(Beginning of PROVIDED RECORDS)

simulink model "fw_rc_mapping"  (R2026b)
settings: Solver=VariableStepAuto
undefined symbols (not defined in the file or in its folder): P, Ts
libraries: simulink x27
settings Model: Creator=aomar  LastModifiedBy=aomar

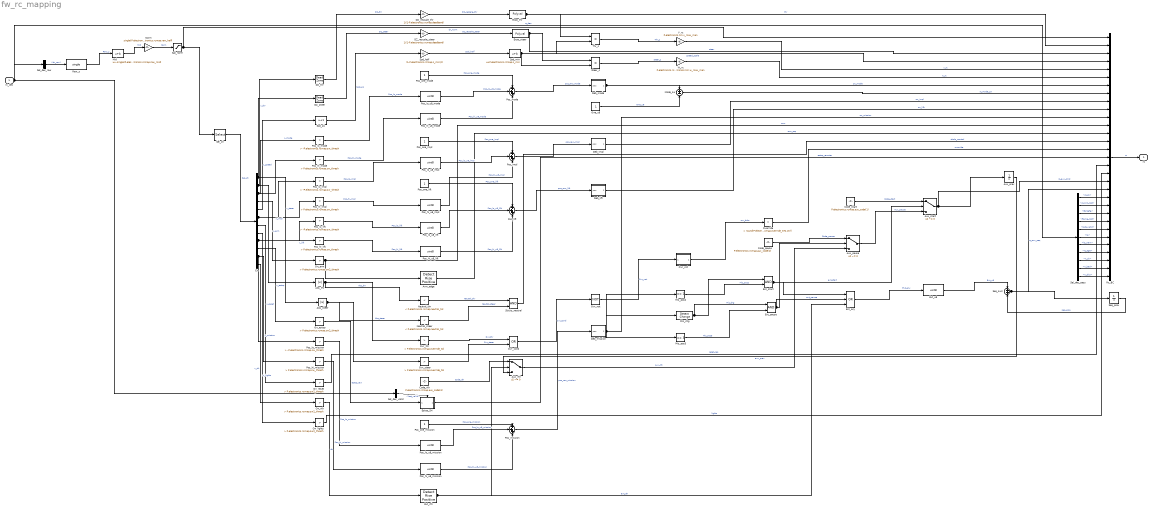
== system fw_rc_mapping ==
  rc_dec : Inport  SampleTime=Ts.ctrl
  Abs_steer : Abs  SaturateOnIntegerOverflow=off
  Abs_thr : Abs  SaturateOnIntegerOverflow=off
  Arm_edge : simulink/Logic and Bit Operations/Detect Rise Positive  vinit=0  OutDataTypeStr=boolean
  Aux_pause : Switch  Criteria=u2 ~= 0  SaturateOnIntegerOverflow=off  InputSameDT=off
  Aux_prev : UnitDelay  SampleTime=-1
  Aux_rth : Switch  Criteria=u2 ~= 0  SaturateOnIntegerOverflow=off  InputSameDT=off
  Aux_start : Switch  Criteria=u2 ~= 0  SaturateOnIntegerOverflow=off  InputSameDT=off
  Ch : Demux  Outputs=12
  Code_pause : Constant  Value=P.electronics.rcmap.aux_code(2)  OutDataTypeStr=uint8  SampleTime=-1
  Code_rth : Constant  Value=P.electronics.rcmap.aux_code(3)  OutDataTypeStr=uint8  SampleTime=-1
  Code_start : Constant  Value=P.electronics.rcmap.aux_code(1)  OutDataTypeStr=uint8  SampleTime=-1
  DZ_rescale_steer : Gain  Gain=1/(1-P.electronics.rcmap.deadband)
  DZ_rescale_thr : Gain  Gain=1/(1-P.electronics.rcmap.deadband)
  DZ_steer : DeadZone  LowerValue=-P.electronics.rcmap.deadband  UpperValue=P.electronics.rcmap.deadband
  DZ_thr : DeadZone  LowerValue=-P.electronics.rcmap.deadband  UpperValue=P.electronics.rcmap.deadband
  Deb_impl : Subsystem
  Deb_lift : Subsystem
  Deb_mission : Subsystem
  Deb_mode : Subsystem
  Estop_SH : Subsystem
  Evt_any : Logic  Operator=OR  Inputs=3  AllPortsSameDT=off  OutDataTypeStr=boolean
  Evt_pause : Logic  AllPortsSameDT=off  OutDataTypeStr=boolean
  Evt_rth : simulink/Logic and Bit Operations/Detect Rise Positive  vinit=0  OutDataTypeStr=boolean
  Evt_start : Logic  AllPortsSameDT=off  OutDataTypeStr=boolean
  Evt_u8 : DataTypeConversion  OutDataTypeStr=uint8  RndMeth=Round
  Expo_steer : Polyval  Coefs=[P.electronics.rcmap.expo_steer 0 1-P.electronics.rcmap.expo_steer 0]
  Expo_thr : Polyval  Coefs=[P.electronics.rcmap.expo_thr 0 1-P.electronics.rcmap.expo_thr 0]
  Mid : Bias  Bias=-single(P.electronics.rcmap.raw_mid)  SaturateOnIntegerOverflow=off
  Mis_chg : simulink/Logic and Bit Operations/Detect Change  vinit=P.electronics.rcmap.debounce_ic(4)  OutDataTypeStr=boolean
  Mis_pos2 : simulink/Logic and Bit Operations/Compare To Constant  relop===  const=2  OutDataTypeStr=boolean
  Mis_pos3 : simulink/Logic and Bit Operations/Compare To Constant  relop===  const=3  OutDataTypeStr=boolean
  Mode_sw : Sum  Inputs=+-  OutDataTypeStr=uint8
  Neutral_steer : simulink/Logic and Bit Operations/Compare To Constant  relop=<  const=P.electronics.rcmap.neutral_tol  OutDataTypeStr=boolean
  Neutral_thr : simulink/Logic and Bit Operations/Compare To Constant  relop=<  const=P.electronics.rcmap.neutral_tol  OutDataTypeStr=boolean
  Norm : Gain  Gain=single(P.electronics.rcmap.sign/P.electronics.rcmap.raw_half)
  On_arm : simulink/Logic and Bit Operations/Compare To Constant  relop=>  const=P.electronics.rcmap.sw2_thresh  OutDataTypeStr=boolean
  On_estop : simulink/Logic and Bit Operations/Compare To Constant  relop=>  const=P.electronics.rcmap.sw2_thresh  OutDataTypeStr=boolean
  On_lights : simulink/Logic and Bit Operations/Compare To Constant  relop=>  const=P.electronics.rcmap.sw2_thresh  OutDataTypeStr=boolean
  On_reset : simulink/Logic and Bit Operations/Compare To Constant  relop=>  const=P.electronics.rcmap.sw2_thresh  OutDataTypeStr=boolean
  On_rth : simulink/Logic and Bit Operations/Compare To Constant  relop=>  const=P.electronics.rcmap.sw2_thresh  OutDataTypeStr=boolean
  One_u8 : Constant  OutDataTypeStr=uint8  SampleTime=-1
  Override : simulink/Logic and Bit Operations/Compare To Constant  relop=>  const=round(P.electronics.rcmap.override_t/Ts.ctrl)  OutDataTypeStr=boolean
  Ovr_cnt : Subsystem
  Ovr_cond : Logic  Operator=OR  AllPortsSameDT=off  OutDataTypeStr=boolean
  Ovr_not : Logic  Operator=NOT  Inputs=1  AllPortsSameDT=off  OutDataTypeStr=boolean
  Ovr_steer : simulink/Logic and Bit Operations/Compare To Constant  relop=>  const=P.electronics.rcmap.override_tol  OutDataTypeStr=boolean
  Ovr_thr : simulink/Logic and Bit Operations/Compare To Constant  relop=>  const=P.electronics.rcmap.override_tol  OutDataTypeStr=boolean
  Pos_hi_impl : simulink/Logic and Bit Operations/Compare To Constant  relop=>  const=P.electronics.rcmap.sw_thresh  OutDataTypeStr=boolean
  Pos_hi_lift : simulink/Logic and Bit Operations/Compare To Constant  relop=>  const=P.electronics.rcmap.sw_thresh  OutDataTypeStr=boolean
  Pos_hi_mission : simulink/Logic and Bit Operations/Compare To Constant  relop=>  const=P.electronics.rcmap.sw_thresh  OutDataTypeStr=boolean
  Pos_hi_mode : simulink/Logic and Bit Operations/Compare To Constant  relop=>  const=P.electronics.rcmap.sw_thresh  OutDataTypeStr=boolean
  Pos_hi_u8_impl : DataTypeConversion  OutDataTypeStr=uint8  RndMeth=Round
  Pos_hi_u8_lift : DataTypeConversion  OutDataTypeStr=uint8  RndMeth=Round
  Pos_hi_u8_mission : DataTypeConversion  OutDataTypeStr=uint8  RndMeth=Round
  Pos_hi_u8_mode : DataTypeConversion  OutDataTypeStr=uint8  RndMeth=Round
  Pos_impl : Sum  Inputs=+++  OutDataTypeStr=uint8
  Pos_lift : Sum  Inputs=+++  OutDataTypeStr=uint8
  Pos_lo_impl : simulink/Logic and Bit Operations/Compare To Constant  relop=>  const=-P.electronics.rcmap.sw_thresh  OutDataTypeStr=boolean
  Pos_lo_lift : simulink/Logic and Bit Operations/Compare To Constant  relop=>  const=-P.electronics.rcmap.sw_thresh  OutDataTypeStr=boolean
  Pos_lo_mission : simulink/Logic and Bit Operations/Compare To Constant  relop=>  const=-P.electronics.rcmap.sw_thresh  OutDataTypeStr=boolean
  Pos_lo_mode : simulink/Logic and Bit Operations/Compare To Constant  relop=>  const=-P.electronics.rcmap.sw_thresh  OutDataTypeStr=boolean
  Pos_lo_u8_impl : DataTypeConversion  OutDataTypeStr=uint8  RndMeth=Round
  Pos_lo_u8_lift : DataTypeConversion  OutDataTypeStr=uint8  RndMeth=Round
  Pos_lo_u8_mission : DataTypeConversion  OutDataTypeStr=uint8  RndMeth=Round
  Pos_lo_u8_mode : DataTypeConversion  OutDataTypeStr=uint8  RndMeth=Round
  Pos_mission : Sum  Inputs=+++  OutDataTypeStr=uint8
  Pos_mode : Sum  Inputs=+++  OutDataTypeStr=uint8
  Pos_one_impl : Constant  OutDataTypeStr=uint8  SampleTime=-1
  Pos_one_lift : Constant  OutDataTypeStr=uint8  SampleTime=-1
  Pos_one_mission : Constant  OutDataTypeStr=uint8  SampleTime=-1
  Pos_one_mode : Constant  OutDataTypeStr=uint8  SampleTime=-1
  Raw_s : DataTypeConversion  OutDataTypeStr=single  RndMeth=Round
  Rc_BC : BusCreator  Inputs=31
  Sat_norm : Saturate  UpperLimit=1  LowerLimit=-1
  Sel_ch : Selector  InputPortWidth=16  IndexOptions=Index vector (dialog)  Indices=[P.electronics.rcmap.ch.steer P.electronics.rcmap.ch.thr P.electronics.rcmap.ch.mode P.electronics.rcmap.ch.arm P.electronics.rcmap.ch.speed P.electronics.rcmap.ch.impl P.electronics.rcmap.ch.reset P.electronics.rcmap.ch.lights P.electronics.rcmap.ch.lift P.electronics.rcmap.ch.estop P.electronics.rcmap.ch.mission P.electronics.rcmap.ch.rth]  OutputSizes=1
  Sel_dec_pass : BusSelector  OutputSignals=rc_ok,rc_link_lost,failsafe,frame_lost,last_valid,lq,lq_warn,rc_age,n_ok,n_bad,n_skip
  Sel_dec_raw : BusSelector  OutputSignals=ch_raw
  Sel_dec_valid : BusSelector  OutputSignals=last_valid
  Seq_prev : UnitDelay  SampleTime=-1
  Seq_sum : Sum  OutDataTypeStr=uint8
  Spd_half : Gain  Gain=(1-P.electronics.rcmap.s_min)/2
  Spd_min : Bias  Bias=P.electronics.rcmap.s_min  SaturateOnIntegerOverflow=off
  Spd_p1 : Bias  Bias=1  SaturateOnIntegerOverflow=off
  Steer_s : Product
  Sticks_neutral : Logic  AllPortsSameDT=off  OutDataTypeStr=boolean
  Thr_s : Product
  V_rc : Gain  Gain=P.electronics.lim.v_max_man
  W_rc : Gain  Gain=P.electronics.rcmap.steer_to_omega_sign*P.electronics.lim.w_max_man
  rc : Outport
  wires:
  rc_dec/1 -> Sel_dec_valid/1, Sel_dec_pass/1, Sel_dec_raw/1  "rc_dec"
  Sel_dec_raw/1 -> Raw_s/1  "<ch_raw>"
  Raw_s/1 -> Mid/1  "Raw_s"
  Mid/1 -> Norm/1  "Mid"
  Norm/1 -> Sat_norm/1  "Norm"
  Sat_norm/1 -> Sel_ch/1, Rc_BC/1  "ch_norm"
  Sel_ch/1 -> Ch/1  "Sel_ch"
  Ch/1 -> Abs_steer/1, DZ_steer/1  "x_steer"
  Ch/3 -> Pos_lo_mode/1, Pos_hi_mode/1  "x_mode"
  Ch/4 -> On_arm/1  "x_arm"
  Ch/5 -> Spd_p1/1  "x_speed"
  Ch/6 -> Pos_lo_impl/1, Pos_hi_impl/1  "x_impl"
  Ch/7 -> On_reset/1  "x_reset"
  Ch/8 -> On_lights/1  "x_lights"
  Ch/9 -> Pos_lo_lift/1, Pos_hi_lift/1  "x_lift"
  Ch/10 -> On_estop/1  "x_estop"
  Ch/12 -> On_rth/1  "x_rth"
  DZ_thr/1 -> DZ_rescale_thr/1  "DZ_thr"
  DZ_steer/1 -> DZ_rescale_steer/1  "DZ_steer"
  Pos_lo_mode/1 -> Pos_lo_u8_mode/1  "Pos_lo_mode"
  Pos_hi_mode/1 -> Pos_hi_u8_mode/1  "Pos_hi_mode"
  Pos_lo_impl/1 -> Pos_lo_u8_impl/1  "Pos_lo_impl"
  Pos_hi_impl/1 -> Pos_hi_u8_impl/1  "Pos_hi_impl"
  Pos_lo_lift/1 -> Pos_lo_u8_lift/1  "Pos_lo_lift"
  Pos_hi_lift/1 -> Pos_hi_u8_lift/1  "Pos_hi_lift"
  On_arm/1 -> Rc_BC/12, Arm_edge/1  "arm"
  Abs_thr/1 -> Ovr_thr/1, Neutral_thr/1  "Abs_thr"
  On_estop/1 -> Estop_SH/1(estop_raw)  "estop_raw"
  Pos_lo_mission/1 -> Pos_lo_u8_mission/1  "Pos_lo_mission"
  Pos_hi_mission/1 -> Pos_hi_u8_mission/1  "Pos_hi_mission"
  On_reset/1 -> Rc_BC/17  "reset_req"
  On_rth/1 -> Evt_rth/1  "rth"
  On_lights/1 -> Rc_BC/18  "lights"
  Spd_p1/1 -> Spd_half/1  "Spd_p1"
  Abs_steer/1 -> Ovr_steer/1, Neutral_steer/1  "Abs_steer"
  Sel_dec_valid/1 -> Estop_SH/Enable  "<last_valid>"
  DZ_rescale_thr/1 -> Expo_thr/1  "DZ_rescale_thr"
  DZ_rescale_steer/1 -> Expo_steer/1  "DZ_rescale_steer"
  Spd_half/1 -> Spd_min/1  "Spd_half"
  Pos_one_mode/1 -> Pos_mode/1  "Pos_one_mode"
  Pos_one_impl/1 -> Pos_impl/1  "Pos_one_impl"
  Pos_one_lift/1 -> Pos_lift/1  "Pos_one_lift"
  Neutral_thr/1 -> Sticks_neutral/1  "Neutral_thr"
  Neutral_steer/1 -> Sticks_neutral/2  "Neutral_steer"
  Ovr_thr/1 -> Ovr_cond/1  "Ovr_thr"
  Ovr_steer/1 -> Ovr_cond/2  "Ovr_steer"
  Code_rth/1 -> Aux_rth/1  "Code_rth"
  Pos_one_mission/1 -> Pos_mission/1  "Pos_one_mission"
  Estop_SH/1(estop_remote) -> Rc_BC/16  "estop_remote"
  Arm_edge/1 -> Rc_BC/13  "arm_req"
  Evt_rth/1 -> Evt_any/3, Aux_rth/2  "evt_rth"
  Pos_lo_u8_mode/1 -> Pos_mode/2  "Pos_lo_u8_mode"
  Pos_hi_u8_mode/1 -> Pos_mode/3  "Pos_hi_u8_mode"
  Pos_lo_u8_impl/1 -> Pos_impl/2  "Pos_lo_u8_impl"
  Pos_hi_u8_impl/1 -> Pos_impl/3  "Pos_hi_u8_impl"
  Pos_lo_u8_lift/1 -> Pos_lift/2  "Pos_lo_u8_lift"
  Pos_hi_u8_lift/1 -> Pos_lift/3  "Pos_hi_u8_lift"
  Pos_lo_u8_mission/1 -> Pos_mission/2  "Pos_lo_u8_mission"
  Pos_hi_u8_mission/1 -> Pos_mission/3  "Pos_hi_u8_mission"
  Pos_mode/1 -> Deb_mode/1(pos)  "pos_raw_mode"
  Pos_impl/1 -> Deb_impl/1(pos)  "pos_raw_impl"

(End of PROVIDED RECORDS)

WORK ITEM:
Write out again only the lines from the one with "Pos_lo_u8_impl/1 -> Pos_impl/2" through the last line of the records above. Keep every word as it stands.

ANSWER BELOW:
  Pos_lo_u8_impl/1 -> Pos_impl/2  "Pos_lo_u8_impl"
  Pos_hi_u8_impl/1 -> Pos_impl/3  "Pos_hi_u8_impl"
  Pos_lo_u8_lift/1 -> Pos_lift/2  "Pos_lo_u8_lift"
  Pos_hi_u8_lift/1 -> Pos_lift/3  "Pos_hi_u8_lift"
  Pos_lo_u8_mission/1 -> Pos_mission/2  "Pos_lo_u8_mission"
  Pos_hi_u8_mission/1 -> Pos_mission/3  "Pos_hi_u8_mission"
  Pos_mode/1 -> Deb_mode/1(pos)  "pos_raw_mode"
  Pos_impl/1 -> Deb_impl/1(pos)  "pos_raw_impl"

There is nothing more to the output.